Sen Const Kent said while she wasn’t “greatly concerned” by what Hannah was telling her at first, she became more worried as she began opening up.

“I remember not being greatly concerned at first and discussing saying not everything is domestic violence, just because they’re not a very pleasant man doesn’t mean it’s necessarily domestic violence,” she said.

“And then she disclosed to me he makes her have sex every night and then I went okay now we’ve got something.”

Sen Const Kent said Hannah said having sex with Baxter was “another chore she has to do at the end of the day”.

Sen Const Kent said over time, Hannah opened up to her more and more.

She said Hannah grew to trust her and knew that she would listen.

The officer said she explained to Hannah that controlling behaviours could be considered family violence.

She said did not think there was enough evidence for an application for a domestic violence order and it did not appear that Hannah wanted one at that point in early December.

Hannah Clarke.
Hannah Clarke.

But she said she logged the information that Hannah had given her onto the system and referred her to a domestic violence service.

She did not include sexual violence as a high risk factor because Hannah had not fully disclosed Baxter’s behaviour at that point.

She assessed him as “medium” risk.

“I think the way Hannah explained it at the time was she may not have enjoyed it and didn’t particularly want to do it every night but he wasn’t violent when they were having sex,” Sen Const Kent said.

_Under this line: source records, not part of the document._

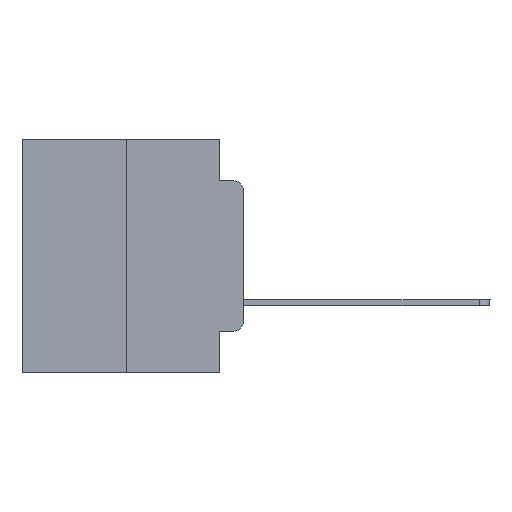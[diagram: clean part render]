
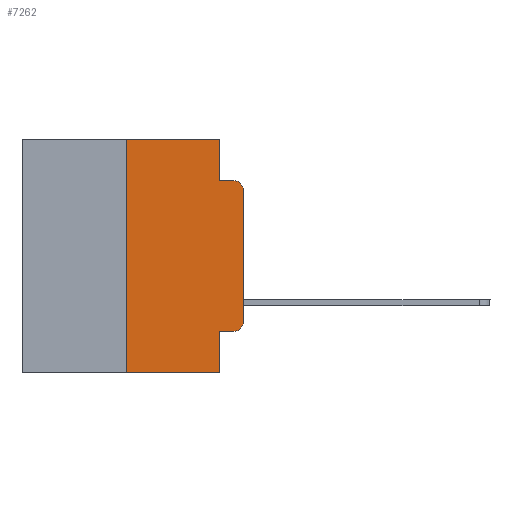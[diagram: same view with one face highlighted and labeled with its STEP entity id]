
A CAD part, left-side view. The second image highlights one B-rep face of the part: STEP entity #7262.
In plain terms, the highlighted planar face has unit normal (-1, 0, 0).
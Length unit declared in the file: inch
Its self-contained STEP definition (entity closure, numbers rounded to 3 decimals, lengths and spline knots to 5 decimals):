
#54 = LINE ( 'NONE', #8005, #21937 ) ;
#151 = CARTESIAN_POINT ( 'NONE',  ( 0., 0.02, -0.4115 ) ) ;
#272 = LINE ( 'NONE', #13980, #5402 ) ;
#963 = EDGE_CURVE ( 'NONE', #24113, #17036, #7960, .T. ) ;
#1355 = FACE_OUTER_BOUND ( 'NONE', #11826, .T. ) ;
#1591 = CARTESIAN_POINT ( 'NONE',  ( 0., 0.02, -0.0885 ) ) ;
#1706 = VECTOR ( 'NONE', #5119, 39.37008 ) ;
#1887 = CARTESIAN_POINT ( 'NONE',  ( 0., 0.25, 0. ) ) ;
#2122 = AXIS2_PLACEMENT_3D ( 'NONE', #11537, #19460, #17276 ) ;
#2824 = EDGE_CURVE ( 'NONE', #17036, #20742, #11524, .T. ) ;
#2998 = DIRECTION ( 'NONE',  ( 0., 0., -1. ) ) ;
#3121 = CARTESIAN_POINT ( 'NONE',  ( 0., 0.051, 0. ) ) ;
#3213 = VERTEX_POINT ( 'NONE', #18756 ) ;
#3263 = VERTEX_POINT ( 'NONE', #11593 ) ;
#3569 = PLANE ( 'NONE',  #2122 ) ;
#3600 = AXIS2_PLACEMENT_3D ( 'NONE', #15680, #3909, #11621 ) ;
#3909 = DIRECTION ( 'NONE',  ( -1., 0., 0. ) ) ;
#4227 = DIRECTION ( 'NONE',  ( 0., 0., -1. ) ) ;
#4660 = ORIENTED_EDGE ( 'NONE', *, *, #24435, .F. ) ;
#4749 = LINE ( 'NONE', #20508, #1706 ) ;
#4860 = ORIENTED_EDGE ( 'NONE', *, *, #963, .T. ) ;
#5119 = DIRECTION ( 'NONE',  ( 0., -1., 0. ) ) ;
#5402 = VECTOR ( 'NONE', #21869, 39.37008 ) ;
#5819 = EDGE_CURVE ( 'NONE', #13149, #12409, #4749, .T. ) ;
#6315 = ORIENTED_EDGE ( 'NONE', *, *, #11734, .F. ) ;
#6519 = EDGE_CURVE ( 'NONE', #13149, #14056, #272, .T. ) ;
#6989 = CARTESIAN_POINT ( 'NONE',  ( 0., 0.051, -0.0885 ) ) ;
#7262 = ADVANCED_FACE ( 'NONE', ( #1355 ), #3569, .F. ) ;
#7497 = ORIENTED_EDGE ( 'NONE', *, *, #25428, .T. ) ;
#7960 = LINE ( 'NONE', #9929, #23272 ) ;
#8005 = CARTESIAN_POINT ( 'NONE',  ( 0., 0., 0. ) ) ;
#8310 = ORIENTED_EDGE ( 'NONE', *, *, #6519, .F. ) ;
#8533 = CIRCLE ( 'NONE', #21038, 0.02 ) ;
#9397 = CARTESIAN_POINT ( 'NONE',  ( 0., 0.25, -0.5 ) ) ;
#9672 = DIRECTION ( 'NONE',  ( 0., 0., -1. ) ) ;
#9699 = VECTOR ( 'NONE', #24784, 39.37008 ) ;
#9929 = CARTESIAN_POINT ( 'NONE',  ( 0., 0.051, -0.4115 ) ) ;
#9946 = CARTESIAN_POINT ( 'NONE',  ( 0., 0., -0.1085 ) ) ;
#11093 = LINE ( 'NONE', #3121, #19722 ) ;
#11372 = VERTEX_POINT ( 'NONE', #1591 ) ;
#11524 = CIRCLE ( 'NONE', #3600, 0.02 ) ;
#11537 = CARTESIAN_POINT ( 'NONE',  ( 0., 0.473, 0. ) ) ;
#11593 = CARTESIAN_POINT ( 'NONE',  ( 0., 0.051, -0.0885 ) ) ;
#11621 = DIRECTION ( 'NONE',  ( 0., 0., -1. ) ) ;
#11689 = CARTESIAN_POINT ( 'NONE',  ( 0., 0.02, -0.1085 ) ) ;
#11734 = EDGE_CURVE ( 'NONE', #3213, #3263, #11093, .T. ) ;
#11826 = EDGE_LOOP ( 'NONE', ( #12894, #7497, #13380, #6315, #18050, #8310, #15507, #4660, #4860, #23856 ) ) ;
#11894 = VECTOR ( 'NONE', #22389, 39.37008 ) ;
#12409 = VERTEX_POINT ( 'NONE', #19884 ) ;
#12867 = EDGE_CURVE ( 'NONE', #14056, #3213, #24199, .T. ) ;
#12894 = ORIENTED_EDGE ( 'NONE', *, *, #15454, .T. ) ;
#13149 = VERTEX_POINT ( 'NONE', #9397 ) ;
#13380 = ORIENTED_EDGE ( 'NONE', *, *, #22109, .F. ) ;
#13848 = CARTESIAN_POINT ( 'NONE',  ( 0., 0.051, 0. ) ) ;
#13980 = CARTESIAN_POINT ( 'NONE',  ( 0., 0.25, 0. ) ) ;
#14056 = VERTEX_POINT ( 'NONE', #1887 ) ;
#14637 = CARTESIAN_POINT ( 'NONE',  ( 0., 0.473, 0. ) ) ;
#15454 = EDGE_CURVE ( 'NONE', #20742, #15766, #54, .T. ) ;
#15507 = ORIENTED_EDGE ( 'NONE', *, *, #5819, .T. ) ;
#15680 = CARTESIAN_POINT ( 'NONE',  ( 0., 0.02, -0.3915 ) ) ;
#15766 = VERTEX_POINT ( 'NONE', #9946 ) ;
#15978 = DIRECTION ( 'NONE',  ( 0., 0., 1. ) ) ;
#16346 = CARTESIAN_POINT ( 'NONE',  ( 0., 0.051, -0.4115 ) ) ;
#17036 = VERTEX_POINT ( 'NONE', #151 ) ;
#17096 = CARTESIAN_POINT ( 'NONE',  ( 0., 0., -0.3915 ) ) ;
#17276 = DIRECTION ( 'NONE',  ( 0., 0., -1. ) ) ;
#18050 = ORIENTED_EDGE ( 'NONE', *, *, #12867, .F. ) ;
#18756 = CARTESIAN_POINT ( 'NONE',  ( 0., 0.051, 0. ) ) ;
#19460 = DIRECTION ( 'NONE',  ( 1., 0., 0. ) ) ;
#19722 = VECTOR ( 'NONE', #2998, 39.37008 ) ;
#19873 = DIRECTION ( 'NONE',  ( -1., 0., 0. ) ) ;
#19884 = CARTESIAN_POINT ( 'NONE',  ( 0., 0.051, -0.5 ) ) ;
#20508 = CARTESIAN_POINT ( 'NONE',  ( 0., 0.473, -0.5 ) ) ;
#20742 = VERTEX_POINT ( 'NONE', #17096 ) ;
#21038 = AXIS2_PLACEMENT_3D ( 'NONE', #11689, #19873, #4227 ) ;
#21233 = LINE ( 'NONE', #13848, #22637 ) ;
#21869 = DIRECTION ( 'NONE',  ( 0., 0., 1. ) ) ;
#21937 = VECTOR ( 'NONE', #15978, 39.37008 ) ;
#22109 = EDGE_CURVE ( 'NONE', #3263, #11372, #24661, .T. ) ;
#22389 = DIRECTION ( 'NONE',  ( 0., -1., 0. ) ) ;
#22637 = VECTOR ( 'NONE', #9672, 39.37008 ) ;
#23272 = VECTOR ( 'NONE', #24183, 39.37008 ) ;
#23856 = ORIENTED_EDGE ( 'NONE', *, *, #2824, .T. ) ;
#24113 = VERTEX_POINT ( 'NONE', #16346 ) ;
#24183 = DIRECTION ( 'NONE',  ( 0., -1., 0. ) ) ;
#24199 = LINE ( 'NONE', #14637, #11894 ) ;
#24435 = EDGE_CURVE ( 'NONE', #24113, #12409, #21233, .T. ) ;
#24661 = LINE ( 'NONE', #6989, #9699 ) ;
#24784 = DIRECTION ( 'NONE',  ( 0., -1., 0. ) ) ;
#25428 = EDGE_CURVE ( 'NONE', #15766, #11372, #8533, .T. ) ;

“She was unaware that she was in a domestic violence relationship.”

Sen Const Kent said she saw Hannah a few days later at Carindale shopping centre.

“I knew she worked at Athlete’s Foot and so I walked past … and waved at her,” she said.

“She came up, (and said) ‘what’s wrong, what’s wrong?’.

“(She said) ‘I thought something had happened to the kids’ and she was so fearful.

“Her level of fear was like, I have not seen such authentic fear from an aggrieved before.”

Sen Const Kent said she had only wanted to say hello to Hannah but her level of fear for the children was such that it made her take the situation far more seriously.

She said she told Hannah to come and see her at the police beat office during her lunch break.

Hannah Clarke’s children.
Hannah Clarke’s children.

When Hannah went to see her in the lunch break, she told Sen Const Kent that Baxter was looking after the children while she was at work.

She revealed how on a previous occasion when she went to pick the kids up from Baxter, he had kept her at the house for “hours and hours” trying to convince her to go back to him. He would not let the children go with her and eventually she had to leave without them.

“She was just so worried that there was no recourse for her getting the kids back when he did have them,” Sen Const Kent said.

“I explained that’s not something the police get involved in.

“So I told her to get some legal advice, get a family lawyer.”

Sen Const Kent said even though she knew there was not much that could be done to help with parenting issues, she called the Vulnerable Persons Unit (VPU) while Hannah was there.

“I was just hoping for an answer or something but they told me what I already knew, that we don’t get involved, that she needs to get some family law orders in place,” Sen Const Kent said.

Sen Const Kent said Hannah’s fear that day conflicted with what she told her on the December 6 meeting when she said Baxter was a good dad and she was not concerned he would harm the children.

She said Hannah’s fear continued to play on her mind and she later again contacted the VPU.

“Probably her fear,” Sen Const Kent said of her reasons for being worried for Hannah and the children.

She again called Hannah after that and told her to keep in touch.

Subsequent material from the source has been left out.